You can't work on your bridging visa if you entered Australia on a tourist visa because it inherits the work rights of your tourist visa. That is my situation now. I think your ETA tourist visa lasts for 3 months and you must wait for that to expire before your bridging visa starts. That's what I did...

*Can I ask on what grounds your RRV was rejected? Have you since been granted an RRV or did you apply for a different visa?*

It seems like a lot of offshore RRVs are rejected due to stupid reasons. My agent addressed the issues in my offshore application and when my onshore application was rejected, the DIAC only raised 2 issues.

Of the 2 issues, one of them can be easily proven with new evidence. The other issue was the period between 2004 to 2011. DIAC was not convinced that that period was compelling enough for me to be outside of Australia even though I have submitted evidence to back it up.

It seems like if you say you were not aware of your options is not going to hold water. For my case, 2004 - 2011, I applied for a skilled migration visa and that got rejected due to some missing document issue so I went around looking for migration agents who could help me file an MRT review and met a couple that said you should just go for the RRV instead!

It is really a hard struggle with the DIAC. They seem to want to reject more than accept so you can submit genuine evidence and it makes sense to everyone but them. They can even interpret your evidence negatively and disbelieve it.
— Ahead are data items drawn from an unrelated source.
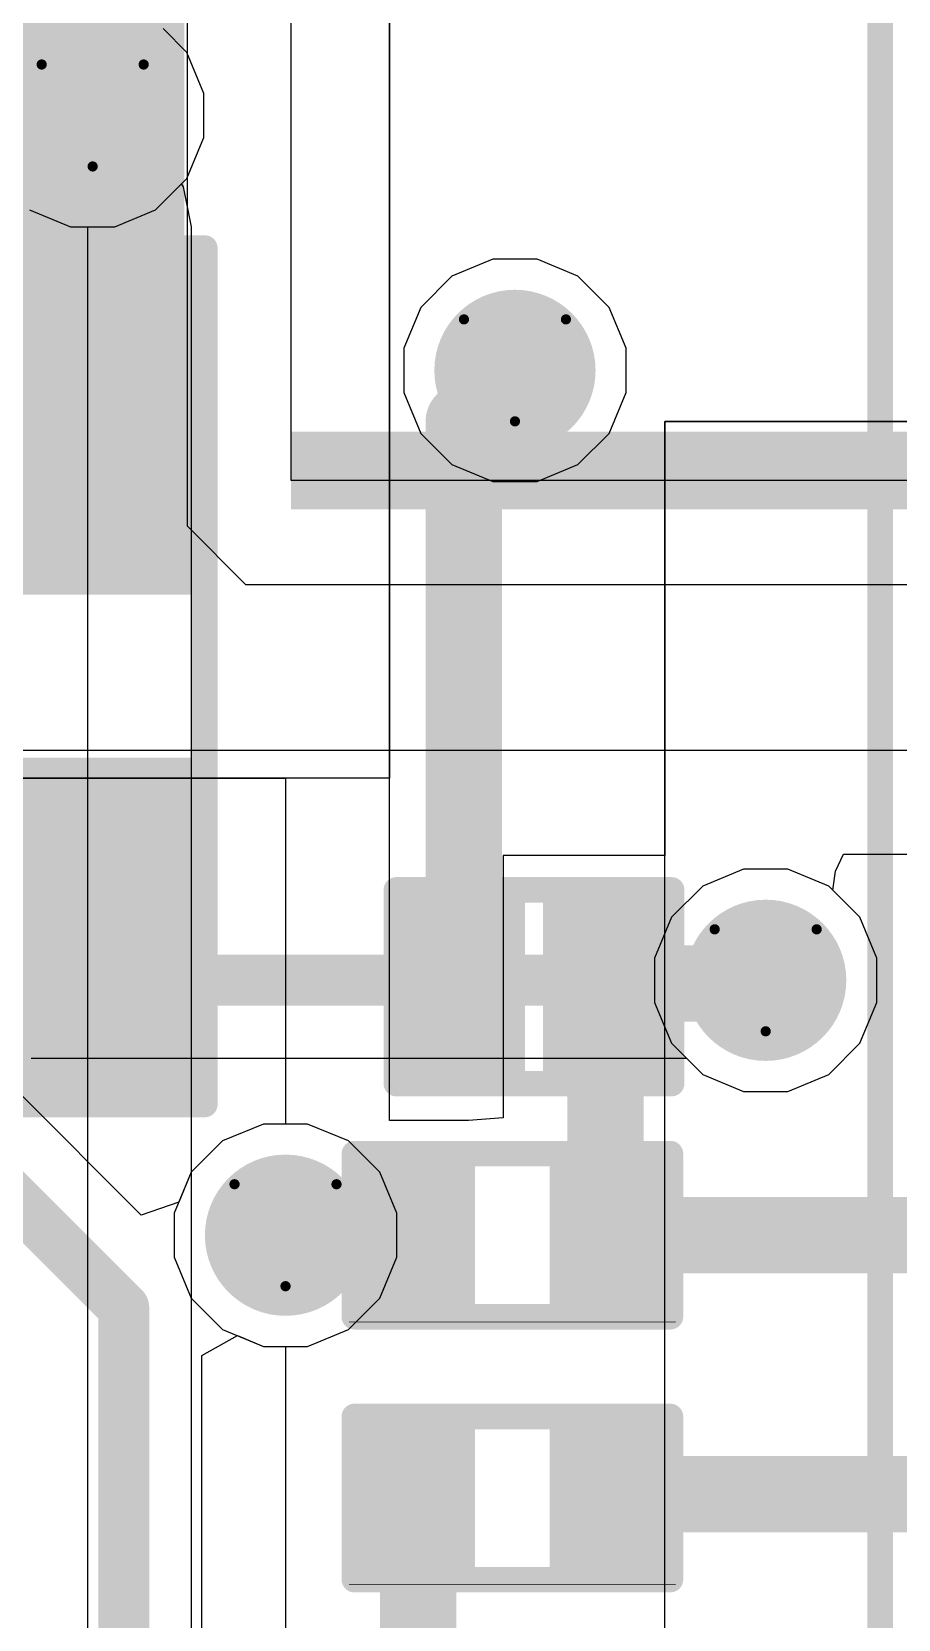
# Model space of a CAD drawing. Header units: inches. Extents: x -6 to 385, y -2 to 98.
# Drawn here: x 28.53 to 32.84, y 21.01 to 28.92 of the extents above; entities that cross this region are included whole.
import ezdxf

# ---------------------------------------------------------------- set-up
doc = ezdxf.new("R2010")
doc.units = ezdxf.units.IN
for name, color, linetype in [('Bottom Layer', 5, 'Continuous'), ('Bottom Overlay', 54, 'Continuous'), ('Bottom Paste', 16, 'Continuous'), ('Bottom Solder', 6, 'Continuous'), ('Drill Drawing', 1, 'Continuous'), ('Layer 1', 16, 'Continuous'), ('Layer 2', 76, 'Continuous'), ('Top Layer', 1, 'Continuous'), ('Top Overlay', 2, 'Continuous'), ('Top Solder', 216, 'Continuous'), ('Via Holes', 16, 'Continuous')]:
    doc.layers.add(name, color=color, linetype=linetype)

# ---------------------------------------------------------------- blocks, each defined once
blk = doc.blocks.new('R___0402_B_28')
at = {"layer": 'Bottom Layer'}
for points in [[(-0.2413, 0.3175), (-0.2412999999999999, -0.3175), (-0.6985, -0.3175), (-0.6985, 0.3175)], [(0.6985025399999999, 0.3175), (0.6985025399999999, -0.3175), (0.24130254, -0.3175), (0.24130254, 0.3175)]]:
    blk.add_hatch(color=5, dxfattribs=at).paths.add_polyline_path(points)
at = {"layer": 'Bottom Paste'}
for points in [[(-0.2413, 0.3175), (-0.2412999999999999, -0.3175), (-0.6985, -0.3175), (-0.6985, 0.3175)], [(0.6985025399999999, 0.3175), (0.6985025399999999, -0.3175), (0.24130254, -0.3175), (0.24130254, 0.3175)]]:
    blk.add_hatch(color=16, dxfattribs=at).paths.add_polyline_path(points)
at = {"layer": 'Bottom Solder'}
for points in [[(-0.18629884, 0.37250116), (-0.1862988399999999, -0.37250116), (-0.75350116, -0.37250116), (-0.75350116, 0.37250116)], [(0.7535037, 0.37250116), (0.7535037, -0.37250116), (0.18630138, -0.37250116), (0.18630138, 0.37250116)]]:
    blk.add_hatch(color=6, dxfattribs=at).paths.add_polyline_path(points)
at = {"layer": 'Bottom Overlay'}
for points in [[(-0.7874, 0.4064, 0.127, 0.127, 0), (-0.7874, -0.4064, 0.127, 0.127, 0)], [(0.7874, 0.4064, 0.127, 0.127, 0), (-0.7874, 0.4064, 0.127, 0.127, 0)], [(0.8128, 0.4318, 0.0032258, 0.0032258, 0), (-0.8128, 0.4318, 0.0032258, 0.0032258, 0)], [(0.7874, 0.4064, 0.127, 0.127, 0), (0.7874, -0.4064, 0.127, 0.127, 0)], [(0.7874, -0.4064, 0.127, 0.127, 0), (-0.7874, -0.4064, 0.127, 0.127, 0)]]:
    blk.add_lwpolyline(points, format="xyseb", dxfattribs=at)
for points in [[(-0.8191499999999999, 0.4064, 0.0635, 0.0635, 1), (-0.7556499999999999, 0.4064, 0.0635, 0.0635, 1)], [(-0.8191499999999999, 0.4064, 0.0635, 0.0635, 1), (-0.7556499999999999, 0.4064, 0.0635, 0.0635, 1)], [(-0.81360518, 0.4318, 0.0016129, 0.0016129, 1), (-0.8119948199999999, 0.4318, 0.0016129, 0.0016129, 1)], [(0.7556499999999999, 0.4064, 0.0635, 0.0635, 1), (0.8191499999999999, 0.4064, 0.0635, 0.0635, 1)], [(0.7556499999999999, 0.4064, 0.0635, 0.0635, 1), (0.8191499999999999, 0.4064, 0.0635, 0.0635, 1)], [(0.8119948199999999, 0.4318, 0.0016129, 0.0016129, 1), (0.81360518, 0.4318, 0.0016129, 0.0016129, 1)], [(-0.8191499999999999, -0.4064, 0.0635, 0.0635, 1), (-0.7556499999999999, -0.4064, 0.0635, 0.0635, 1)], [(-0.8191499999999999, -0.4064, 0.0635, 0.0635, 1), (-0.7556499999999999, -0.4064, 0.0635, 0.0635, 1)], [(0.7556499999999999, -0.4064, 0.0635, 0.0635, 1), (0.8191499999999999, -0.4064, 0.0635, 0.0635, 1)], [(0.7556499999999999, -0.4064, 0.0635, 0.0635, 1), (0.8191499999999999, -0.4064, 0.0635, 0.0635, 1)]]:
    blk.add_lwpolyline(points, format="xyseb", close=True, dxfattribs=at)
blk = doc.blocks.new('R___1206_B_41')
at = {"layer": 'Bottom Layer'}
for points in [[(-2.03199746, 0.889), (-0.50799746, 0.889), (-0.50799746, -0.889), (-2.03199746, -0.889)], [(0.50799746, 0.889), (2.03199746, 0.889), (2.03199746, -0.889), (0.50799746, -0.889)]]:
    blk.add_hatch(color=5, dxfattribs=at).paths.add_polyline_path(points)
at = {"layer": 'Bottom Paste'}
for points in [[(-2.03199746, 0.889), (-0.50799746, 0.889), (-0.50799746, -0.889), (-2.03199746, -0.889)], [(0.50799746, 0.889), (2.03199746, 0.889), (2.03199746, -0.889), (0.50799746, -0.889)]]:
    blk.add_hatch(color=16, dxfattribs=at).paths.add_polyline_path(points)
at = {"layer": 'Bottom Solder'}
for points in [[(-2.13359746, 0.9905999999999999), (-0.40639746, 0.9905999999999999), (-0.40639746, -0.9905999999999999), (-2.13359746, -0.9905999999999999)], [(0.40639746, 0.9905999999999999), (2.13359746, 0.9905999999999999), (2.13359746, -0.9905999999999999), (0.40639746, -0.9905999999999999)]]:
    blk.add_hatch(color=6, dxfattribs=at).paths.add_polyline_path(points)
at = {"layer": 'Bottom Overlay'}
for points in [[(2.1336, 0.9905999999999999, 0.127, 0.127, 0), (-2.1336, 0.9905999999999999, 0.127, 0.127, 0)], [(-2.1336, -0.9905999999999999, 0.127, 0.127, 0), (-2.1336, 0.9905999999999999, 0.127, 0.127, 0)], [(2.1336, -0.9905999999999999, 0.127, 0.127, 0), (2.1336, 0.9905999999999999, 0.127, 0.127, 0)], [(2.1336, -0.9905999999999999, 0.127, 0.127, 0), (-2.1336, -0.9905999999999999, 0.127, 0.127, 0)]]:
    blk.add_lwpolyline(points, format="xyseb", dxfattribs=at)
for points in [[(-2.16535, 0.9905999999999999, 0.0635, 0.0635, 1), (-2.10185, 0.9905999999999999, 0.0635, 0.0635, 1)], [(-2.16535, 0.9905999999999999, 0.0635, 0.0635, 1), (-2.10185, 0.9905999999999999, 0.0635, 0.0635, 1)], [(2.10185, 0.9905999999999999, 0.0635, 0.0635, 1), (2.16535, 0.9905999999999999, 0.0635, 0.0635, 1)], [(2.10185, 0.9905999999999999, 0.0635, 0.0635, 1), (2.16535, 0.9905999999999999, 0.0635, 0.0635, 1)], [(-2.16535, -0.9905999999999999, 0.0635, 0.0635, 1), (-2.10185, -0.9905999999999999, 0.0635, 0.0635, 1)], [(-2.16535, -0.9905999999999999, 0.0635, 0.0635, 1), (-2.10185, -0.9905999999999999, 0.0635, 0.0635, 1)], [(2.10185, -0.9905999999999999, 0.0635, 0.0635, 1), (2.16535, -0.9905999999999999, 0.0635, 0.0635, 1)], [(2.10185, -0.9905999999999999, 0.0635, 0.0635, 1), (2.16535, -0.9905999999999999, 0.0635, 0.0635, 1)]]:
    blk.add_lwpolyline(points, format="xyseb", close=True, dxfattribs=at)
blk = doc.blocks.new('R___0402_B_44')
at = {"layer": 'Bottom Layer'}
for points in [[(-0.2413, 0.3175), (-0.2412999999999999, -0.3175), (-0.6985, -0.3175), (-0.6985, 0.3175)], [(0.6985, 0.3175), (0.6985, -0.3175), (0.2413, -0.3175), (0.2412999999999999, 0.3175)]]:
    blk.add_hatch(color=5, dxfattribs=at).paths.add_polyline_path(points)
at = {"layer": 'Bottom Paste'}
for points in [[(-0.2413, 0.3175), (-0.2412999999999999, -0.3175), (-0.6985, -0.3175), (-0.6985, 0.3175)], [(0.6985, 0.3175), (0.6985, -0.3175), (0.2413, -0.3175), (0.2412999999999999, 0.3175)]]:
    blk.add_hatch(color=16, dxfattribs=at).paths.add_polyline_path(points)
at = {"layer": 'Bottom Solder'}
for points in [[(-0.18629884, 0.37250116), (-0.1862988399999999, -0.37250116), (-0.75350116, -0.37250116), (-0.75350116, 0.37250116)], [(0.75350116, 0.37250116), (0.75350116, -0.37250116), (0.18629884, -0.37250116), (0.1862988399999999, 0.37250116)]]:
    blk.add_hatch(color=6, dxfattribs=at).paths.add_polyline_path(points)
at = {"layer": 'Bottom Overlay'}
for points in [[(-0.7874, 0.4064, 0.127, 0.127, 0), (-0.7874, -0.4064, 0.127, 0.127, 0)], [(0.7874, 0.4064, 0.127, 0.127, 0), (-0.7874, 0.4064, 0.127, 0.127, 0)], [(0.8128, 0.4318, 0.0032258, 0.0032258, 0), (-0.8128, 0.4318, 0.0032258, 0.0032258, 0)], [(0.7874, 0.4064, 0.127, 0.127, 0), (0.7874, -0.4064, 0.127, 0.127, 0)], [(0.7874, -0.4064, 0.127, 0.127, 0), (-0.7874, -0.4064, 0.127, 0.127, 0)]]:
    blk.add_lwpolyline(points, format="xyseb", dxfattribs=at)
for points in [[(-0.8191499999999999, 0.4064, 0.0635, 0.0635, 1), (-0.7556499999999999, 0.4064, 0.0635, 0.0635, 1)], [(-0.8191499999999999, 0.4064, 0.0635, 0.0635, 1), (-0.7556499999999999, 0.4064, 0.0635, 0.0635, 1)], [(-0.81360518, 0.4318, 0.0016129, 0.0016129, 1), (-0.8119948199999999, 0.4318, 0.0016129, 0.0016129, 1)], [(0.7556499999999999, 0.4064, 0.0635, 0.0635, 1), (0.8191499999999999, 0.4064, 0.0635, 0.0635, 1)], [(0.7556499999999999, 0.4064, 0.0635, 0.0635, 1), (0.8191499999999999, 0.4064, 0.0635, 0.0635, 1)], [(0.8119948199999999, 0.4318, 0.0016129, 0.0016129, 1), (0.81360518, 0.4318, 0.0016129, 0.0016129, 1)], [(-0.8191499999999999, -0.4064, 0.0635, 0.0635, 1), (-0.7556499999999999, -0.4064, 0.0635, 0.0635, 1)], [(-0.8191499999999999, -0.4064, 0.0635, 0.0635, 1), (-0.7556499999999999, -0.4064, 0.0635, 0.0635, 1)], [(0.7556499999999999, -0.4064, 0.0635, 0.0635, 1), (0.8191499999999999, -0.4064, 0.0635, 0.0635, 1)], [(0.7556499999999999, -0.4064, 0.0635, 0.0635, 1), (0.8191499999999999, -0.4064, 0.0635, 0.0635, 1)]]:
    blk.add_lwpolyline(points, format="xyseb", close=True, dxfattribs=at)
blk = doc.blocks.new('SOD_882_B__D___________B_73')
at = {"layer": 'Bottom Layer'}
for points in [[(-0.09999980000000003, -0.4000004699999999), (-0.5999987999999999, -0.4000004699999999), (-0.5999987999999999, 0.4000004699999999), (-0.09999979999999996, 0.4000004699999999)], [(0.5999987999999999, -0.4000004699999999), (0.09999979999999996, -0.4000004699999999), (0.09999980000000003, 0.4000004699999999), (0.5999987999999999, 0.4000004699999999)]]:
    blk.add_hatch(color=5, dxfattribs=at).paths.add_polyline_path(points)
at = {"layer": 'Bottom Paste'}
for points in [[(-0.09999980000000003, -0.4000004699999999), (-0.5999987999999999, -0.4000004699999999), (-0.5999987999999999, 0.4000004699999999), (-0.09999979999999996, 0.4000004699999999)], [(0.5999987999999999, -0.4000004699999999), (0.09999979999999996, -0.4000004699999999), (0.09999980000000003, 0.4000004699999999), (0.5999987999999999, 0.4000004699999999)]]:
    blk.add_hatch(color=16, dxfattribs=at).paths.add_polyline_path(points)
at = {"layer": 'Bottom Solder'}
for points in [[(-0.04499864000000007, -0.4550016300000001), (-0.65499996, -0.4550016299999999), (-0.6549999599999999, 0.4550016300000001), (-0.04499863999999992, 0.4550016299999999)], [(0.6549999599999999, -0.4550016300000001), (0.04499863999999992, -0.4550016299999999), (0.04499864000000007, 0.4550016300000001), (0.65499996, 0.4550016299999999)]]:
    blk.add_hatch(color=6, dxfattribs=at).paths.add_polyline_path(points)
at = {"layer": 'Bottom Overlay'}
for points in [[(-0.6858, -0.4826, 0.127, 0.127, 0), (-0.6858, 0.48259746, 0.127, 0.127, 0)], [(-0.6858, 0.48259746, 0.127, 0.127, 0), (0.6858, 0.48259746, 0.127, 0.127, 0)], [(0.6858, -0.4826, 0.127, 0.127, 0), (0.6858, 0.48259746, 0.127, 0.127, 0)], [(-0.6858, -0.4826, 0.127, 0.127, 0), (0.6858, -0.4826, 0.127, 0.127, 0)]]:
    blk.add_lwpolyline(points, format="xyseb", dxfattribs=at)
for points in [[(-0.71755, 0.48259746, 0.0635, 0.0635, 1), (-0.6540499999999999, 0.48259746, 0.0635, 0.0635, 1)], [(-0.71755, 0.48259746, 0.0635, 0.0635, 1), (-0.6540499999999999, 0.48259746, 0.0635, 0.0635, 1)], [(0.6540499999999999, 0.48259746, 0.0635, 0.0635, 1), (0.71755, 0.48259746, 0.0635, 0.0635, 1)], [(0.6540499999999999, 0.48259746, 0.0635, 0.0635, 1), (0.71755, 0.48259746, 0.0635, 0.0635, 1)], [(-0.71755, -0.4826, 0.0635, 0.0635, 1), (-0.6540499999999999, -0.4826, 0.0635, 0.0635, 1)], [(-0.71755, -0.4826, 0.0635, 0.0635, 1), (-0.6540499999999999, -0.4826, 0.0635, 0.0635, 1)], [(0.6540499999999999, -0.4826, 0.0635, 0.0635, 1), (0.71755, -0.4826, 0.0635, 0.0635, 1)], [(0.6540499999999999, -0.4826, 0.0635, 0.0635, 1), (0.71755, -0.4826, 0.0635, 0.0635, 1)]]:
    blk.add_lwpolyline(points, format="xyseb", close=True, dxfattribs=at)
blk = doc.blocks.new('AFC07_S15ECA_00_100')
at = {"layer": 'Top Overlay'}
blk.add_lwpolyline([(6.5999868, -3.8499034, 0.127, 0.127, 0), (-6.5999868, -3.8499034, 0.127, 0.127, 0)], format="xyseb", dxfattribs=at)

msp = doc.modelspace()

# ---------------------------------------------------------------- hatches: boundary and pattern name
at = {"layer": 'Bottom Layer'}
msp.add_hatch(color=5, dxfattribs=at).paths.add_polyline_path([(27.5082, 26.21279746), (29.2862, 26.21279746), (29.2862, 29.87870834), (27.5082, 29.87870834)])
h = msp.add_hatch(color=5, dxfattribs=at)
edge = h.paths.add_edge_path()
edge.add_arc((28.829, 28.4988), 0.2999994, 0, 360)
h = msp.add_hatch(color=5, dxfattribs=at)
edge = h.paths.add_edge_path()
edge.add_arc((30.93269657999999, 27.22879746), 0.2999994, 0, 360)
h = msp.add_hatch(color=5, dxfattribs=at)
edge = h.paths.add_edge_path()
edge.add_arc((32.1818, 24.18999988), 0.2999994, 0, 360)
h = msp.add_hatch(color=5, dxfattribs=at)
edge = h.paths.add_edge_path()
edge.add_arc((29.78969404, 22.91999988), 0.2999994, 0, 360)
at = {"layer": 'Bottom Solder'}
h = msp.add_hatch(color=6, dxfattribs=at)
edge = h.paths.add_edge_path()
edge.add_arc((28.829, 28.4988), 0.4015993999999999, 0, 360)
h = msp.add_hatch(color=6, dxfattribs=at)
edge = h.paths.add_edge_path()
edge.add_arc((30.93269657999999, 27.22879746), 0.4015993999999999, 0, 360)
h = msp.add_hatch(color=6, dxfattribs=at)
edge = h.paths.add_edge_path()
edge.add_arc((32.1818, 24.18999988), 0.4015993999999999, 0, 360)
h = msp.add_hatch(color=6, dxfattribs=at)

MRT takes about 2 years before you get a hearing.

You could possibly come to Australia and lodge an onshore RRV and should that be rejected again, apply for MRT review and get a bridging visa.

========

I am going through this right now and it isn't easy because I have no work rights on my bridging visa and it is a struggle to get them to approve my work rights while I wait for my MRT review.

One more thing I should point out is you might want to leave out declaring how much assets you have in your RRV applications. Probably just have enough to last 1 year in Australia and prepare some money to pay the migration agents and DIAC fees.

If they see you have some assets, they will refuse your permission to work on your bridging visa like my case.


----------



## Want2GoHome (Apr 6, 2012)

Thanks again for your reply. 

From what I keep reading I realise that by claiming not to have known something is basically the applicants fault. All I was told when I questioned my rejected offshore visa was that the information is 'out there'. In my opinion it isn't obvious nor clear! And what really upsets me is that an employee at DIAC gave me incorrect information, telling me that my current status was that of a permanent resident and that I would never lose that status and it had nothing to do with what visa I travelled on. Clearly DIAC staff are not all on the same page and some need re-educating before being allowed to'advise' members of the public looking to apply for a visa.

Thanks for your advice about declaring assets, to be honest we've not got much anyway and would initially be financially supported by my Father and other relatives in Australia upon arrival.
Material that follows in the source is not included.